When civility meant criticism, even if unwelcome, was tolerated.

Matbhed hota tha, mannbhed nahin (There could be differences of opinion, but no personal animosity).

Among the several tributes on television to the late Atal Bihari Vajpayee, this from fellow poet Kumar Vishwas, was telling. I don’t have a Vajpayee story to tell. I never got to meet the great man. As a youngish reporter of the Vajpayee era, however, I do have several stories of his government, and his ministers. And of the culture of civility that he fostered.

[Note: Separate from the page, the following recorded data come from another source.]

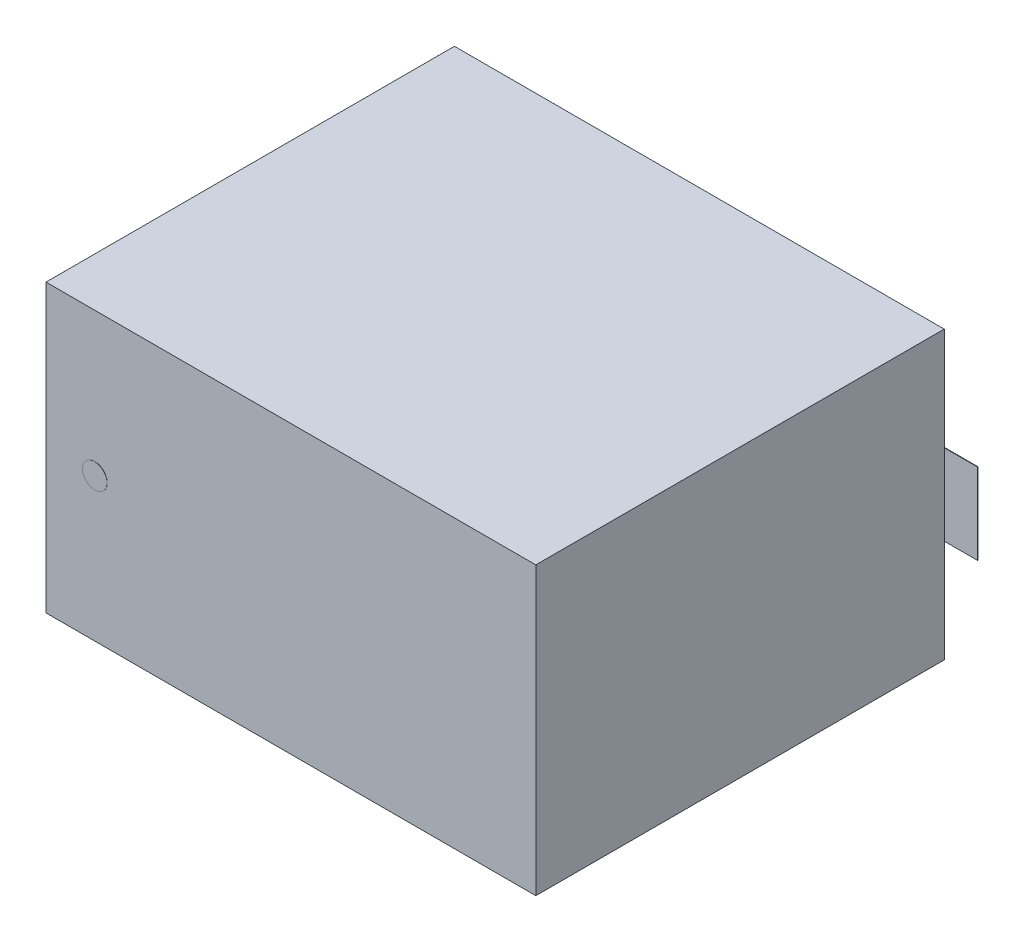
ISO-10303-21;
HEADER;
FILE_DESCRIPTION(('STEP AP214'),'2;1');
FILE_NAME('part.step','',(''),(''),'','','');
FILE_SCHEMA(('AUTOMOTIVE_DESIGN { 1 0 10303 214 1 1 1 1 }'));
ENDSEC;
DATA;
#1=APPLICATION_CONTEXT('core data for automotive mechanical design processes');
#2=APPLICATION_PROTOCOL_DEFINITION('international standard','automotive_design',2000,#1);
#3=PRODUCT_CONTEXT('',#1,'mechanical');
#4=PRODUCT('Part','Part','',(#3));
#5=PRODUCT_RELATED_PRODUCT_CATEGORY('part','',(#4));
#6=PRODUCT_DEFINITION_FORMATION('','',#4);
#7=PRODUCT_DEFINITION_CONTEXT('part definition',#1,'design');
#8=PRODUCT_DEFINITION('design','',#6,#7);
#9=PRODUCT_DEFINITION_SHAPE('','',#8);
#10=(LENGTH_UNIT() NAMED_UNIT(*) SI_UNIT(.MILLI.,.METRE.));
#11=(NAMED_UNIT(*) PLANE_ANGLE_UNIT() SI_UNIT($,.RADIAN.));
#12=(NAMED_UNIT(*) SI_UNIT($,.STERADIAN.) SOLID_ANGLE_UNIT());
#13=UNCERTAINTY_MEASURE_WITH_UNIT(LENGTH_MEASURE(1.E-05),#10,'distance_accuracy_value','');
#14=(GEOMETRIC_REPRESENTATION_CONTEXT(3) GLOBAL_UNCERTAINTY_ASSIGNED_CONTEXT((#13)) GLOBAL_UNIT_ASSIGNED_CONTEXT((#10,
#11,#12)) REPRESENTATION_CONTEXT('',''));
#15=CARTESIAN_POINT('',(0.,0.,0.));
#16=DIRECTION('',(0.,0.,1.));
#17=DIRECTION('',(1.,0.,0.));
#18=AXIS2_PLACEMENT_3D('',#15,#16,#17);
#19=CARTESIAN_POINT('',(-2.398,0.,5.004));
#20=DIRECTION('',(0.,0.,1.));
#21=DIRECTION('',(1.,0.,0.));
#22=AXIS2_PLACEMENT_3D('',#19,#20,#21);
#23=CYLINDRICAL_SURFACE('',#22,0.14986);
#24=CARTESIAN_POINT('',(-2.398,0.,5.006));
#25=DIRECTION('',(0.,0.,1.));
#26=DIRECTION('',(1.,0.,0.));
#27=AXIS2_PLACEMENT_3D('',#24,#25,#26);
#28=CIRCLE('',#27,0.14986);
#29=CARTESIAN_POINT('',(-2.548,0.,5.006));
#30=VERTEX_POINT('',#29);
#31=EDGE_CURVE('P0_E11',#30,#30,#28,.T.);
#32=ORIENTED_EDGE('',*,*,#31,.F.);
#33=CARTESIAN_POINT('',(-2.54786,0.,5.004));
#34=CARTESIAN_POINT('',(-2.54786,0.,5.006));
#35=B_SPLINE_CURVE_WITH_KNOTS('',1,(#33,#34),.UNSPECIFIED.,.F.,.F.,(2,2),(0.,
0.0020000000000007),.UNSPECIFIED.);
#36=CARTESIAN_POINT('',(-2.548,0.,5.004));
#37=VERTEX_POINT('',#36);
#38=EDGE_CURVE('P0_E24',#37,#30,#35,.T.);
#39=ORIENTED_EDGE('',*,*,#38,.F.);
#40=CARTESIAN_POINT('',(-2.398,0.,5.004));
#41=DIRECTION('',(0.,0.,-1.));
#42=DIRECTION('',(1.,0.,0.));
#43=AXIS2_PLACEMENT_3D('',#40,#41,#42);
#44=CIRCLE('',#43,0.14986);
#45=EDGE_CURVE('P0_E33',#37,#37,#44,.T.);
#46=ORIENTED_EDGE('',*,*,#45,.F.);
#47=ORIENTED_EDGE('',*,*,#38,.T.);
#48=EDGE_LOOP('',(#32,#39,#46,#47));
#49=FACE_BOUND('',#48,.T.);
#50=ADVANCED_FACE('P0_F17',(#49),#23,.T.);
#51=CARTESIAN_POINT('',(-2.398,0.,5.004));
#52=DIRECTION('',(0.,0.,1.));
#53=DIRECTION('',(0.,1.,0.));
#54=AXIS2_PLACEMENT_3D('',#51,#52,#53);
#55=PLANE('',#54);
#56=ORIENTED_EDGE('',*,*,#45,.T.);
#57=EDGE_LOOP('',(#56));
#58=FACE_BOUND('',#57,.T.);
#59=ADVANCED_FACE('P0_F36',(#58),#55,.F.);
#60=CARTESIAN_POINT('',(-2.398,0.,5.006));
#61=DIRECTION('',(0.,0.,1.));
#62=DIRECTION('',(0.,1.,0.));
#63=AXIS2_PLACEMENT_3D('',#60,#61,#62);
#64=PLANE('',#63);
#65=ORIENTED_EDGE('',*,*,#31,.T.);
#66=EDGE_LOOP('',(#65));
#67=FACE_BOUND('',#66,.T.);
#68=ADVANCED_FACE('P0_F49',(#67),#64,.T.);
#69=CLOSED_SHELL('',(#50,#59,#68));
#70=MANIFOLD_SOLID_BREP('P0_B1',#69);
#71=CARTESIAN_POINT('',(-2.997,-1.753,0.006));
#72=DIRECTION('',(0.,-1.,0.));
#73=DIRECTION('',(0.,0.,1.));
#74=AXIS2_PLACEMENT_3D('',#71,#72,#73);
#75=PLANE('',#74);
#76=DIRECTION('',(-1.,0.,0.));
#77=VECTOR('',#76,1.);
#78=CARTESIAN_POINT('',(2.997,-1.753,0.006));
#79=LINE('',#78,#77);
#80=CARTESIAN_POINT('',(2.997,-1.753,0.006));
#81=VERTEX_POINT('',#80);
#82=CARTESIAN_POINT('',(-2.997,-1.753,0.006));
#83=VERTEX_POINT('',#82);
#84=EDGE_CURVE('P1_E11',#81,#83,#79,.T.);
#85=ORIENTED_EDGE('',*,*,#84,.F.);
#86=DIRECTION('',(0.,0.,-1.));
#87=VECTOR('',#86,1.);
#88=CARTESIAN_POINT('',(2.997,-1.753,5.004));
#89=LINE('',#88,#87);
#90=CARTESIAN_POINT('',(2.997,-1.753,5.004));
#91=VERTEX_POINT('',#90);
#92=EDGE_CURVE('P1_E24',#91,#81,#89,.T.);
#93=ORIENTED_EDGE('',*,*,#92,.F.);
#94=DIRECTION('',(1.,0.,0.));
#95=VECTOR('',#94,1.);
#96=CARTESIAN_POINT('',(-2.997,-1.753,5.004));
#97=LINE('',#96,#95);
#98=CARTESIAN_POINT('',(-2.997,-1.753,5.004));
#99=VERTEX_POINT('',#98);
#100=EDGE_CURVE('P1_E88',#99,#91,#97,.T.);
#101=ORIENTED_EDGE('',*,*,#100,.F.);
#102=DIRECTION('',(0.,0.,1.));
#103=VECTOR('',#102,1.);
#104=CARTESIAN_POINT('',(-2.997,-1.753,0.006));
#105=LINE('',#104,#103);
#106=EDGE_CURVE('P1_E77',#83,#99,#105,.T.);
#107=ORIENTED_EDGE('',*,*,#106,.F.);
#108=EDGE_LOOP('',(#85,#93,#101,#107));
#109=FACE_BOUND('',#108,.T.);
#110=ADVANCED_FACE('P1_F17',(#109),#75,.T.);
#111=CARTESIAN_POINT('',(2.997,-1.753,0.006));
#112=DIRECTION('',(1.,0.,0.));
#113=DIRECTION('',(0.,0.,1.));
#114=AXIS2_PLACEMENT_3D('',#111,#112,#113);
#115=PLANE('',#114);
#116=DIRECTION('',(0.,-1.,0.));
#117=VECTOR('',#116,1.);
#118=CARTESIAN_POINT('',(2.997,1.753,0.006));
#119=LINE('',#118,#117);
#120=CARTESIAN_POINT('',(2.997,1.753,0.006));
#121=VERTEX_POINT('',#120);
#122=EDGE_CURVE('P1_E85',#121,#81,#119,.T.);
#123=ORIENTED_EDGE('',*,*,#122,.F.);
#124=DIRECTION('',(0.,0.,-1.));
#125=VECTOR('',#124,1.);
#126=CARTESIAN_POINT('',(2.997,1.753,5.004));
#127=LINE('',#126,#125);
#128=CARTESIAN_POINT('',(2.997,1.753,5.004));
#129=VERTEX_POINT('',#128);
#130=EDGE_CURVE('P1_E83',#129,#121,#127,.T.);
#131=ORIENTED_EDGE('',*,*,#130,.F.);
#132=DIRECTION('',(0.,1.,0.));
#133=VECTOR('',#132,1.);
#134=CARTESIAN_POINT('',(2.997,-1.753,5.004));
#135=LINE('',#134,#133);
#136=EDGE_CURVE('P1_E72',#91,#129,#135,.T.);
#137=ORIENTED_EDGE('',*,*,#136,.F.);
#138=ORIENTED_EDGE('',*,*,#92,.T.);
#139=EDGE_LOOP('',(#123,#131,#137,#138));
#140=FACE_BOUND('',#139,.T.);
#141=ADVANCED_FACE('P1_F90',(#140),#115,.T.);
#142=CARTESIAN_POINT('',(2.997,1.753,0.006));
#143=DIRECTION('',(0.,1.,0.));
#144=DIRECTION('',(0.,0.,1.));
#145=AXIS2_PLACEMENT_3D('',#142,#143,#144);
#146=PLANE('',#145);
#147=DIRECTION('',(1.,0.,0.));
#148=VECTOR('',#147,1.);
#149=CARTESIAN_POINT('',(-2.997,1.753,0.006));
#150=LINE('',#149,#148);
#151=CARTESIAN_POINT('',(-2.997,1.753,0.006));
#152=VERTEX_POINT('',#151);
#153=EDGE_CURVE('P1_E60',#152,#121,#150,.T.);
#154=ORIENTED_EDGE('',*,*,#153,.F.);
#155=DIRECTION('',(0.,0.,-1.));
#156=VECTOR('',#155,1.);
#157=CARTESIAN_POINT('',(-2.997,1.753,5.004));
#158=LINE('',#157,#156);
#159=CARTESIAN_POINT('',(-2.997,1.753,5.004));
#160=VERTEX_POINT('',#159);
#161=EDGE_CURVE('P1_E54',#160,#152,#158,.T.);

I spent much of the Vajpayee era as a reporter of the ministries of information and broadcasting as well human resource development. Both were, as they are now, laboratories of cultural change the RSS is trying to enable. The I&B ministry had a series of ministers, the most important and high profile of whom were Pramod Mahajan and Sushma Swaraj. The HRD Minister was Murli Manohar Joshi, the man we all knew from the demolition of Babri Masjid as well the tiranga on Lal Chowk.

It was a great time to be a reporter, even if we were given elevated titles of special correspondent. Much of our day would be spent in the Press Information Bureau, or in dusty, musty offices poring over files, reports, and circulars.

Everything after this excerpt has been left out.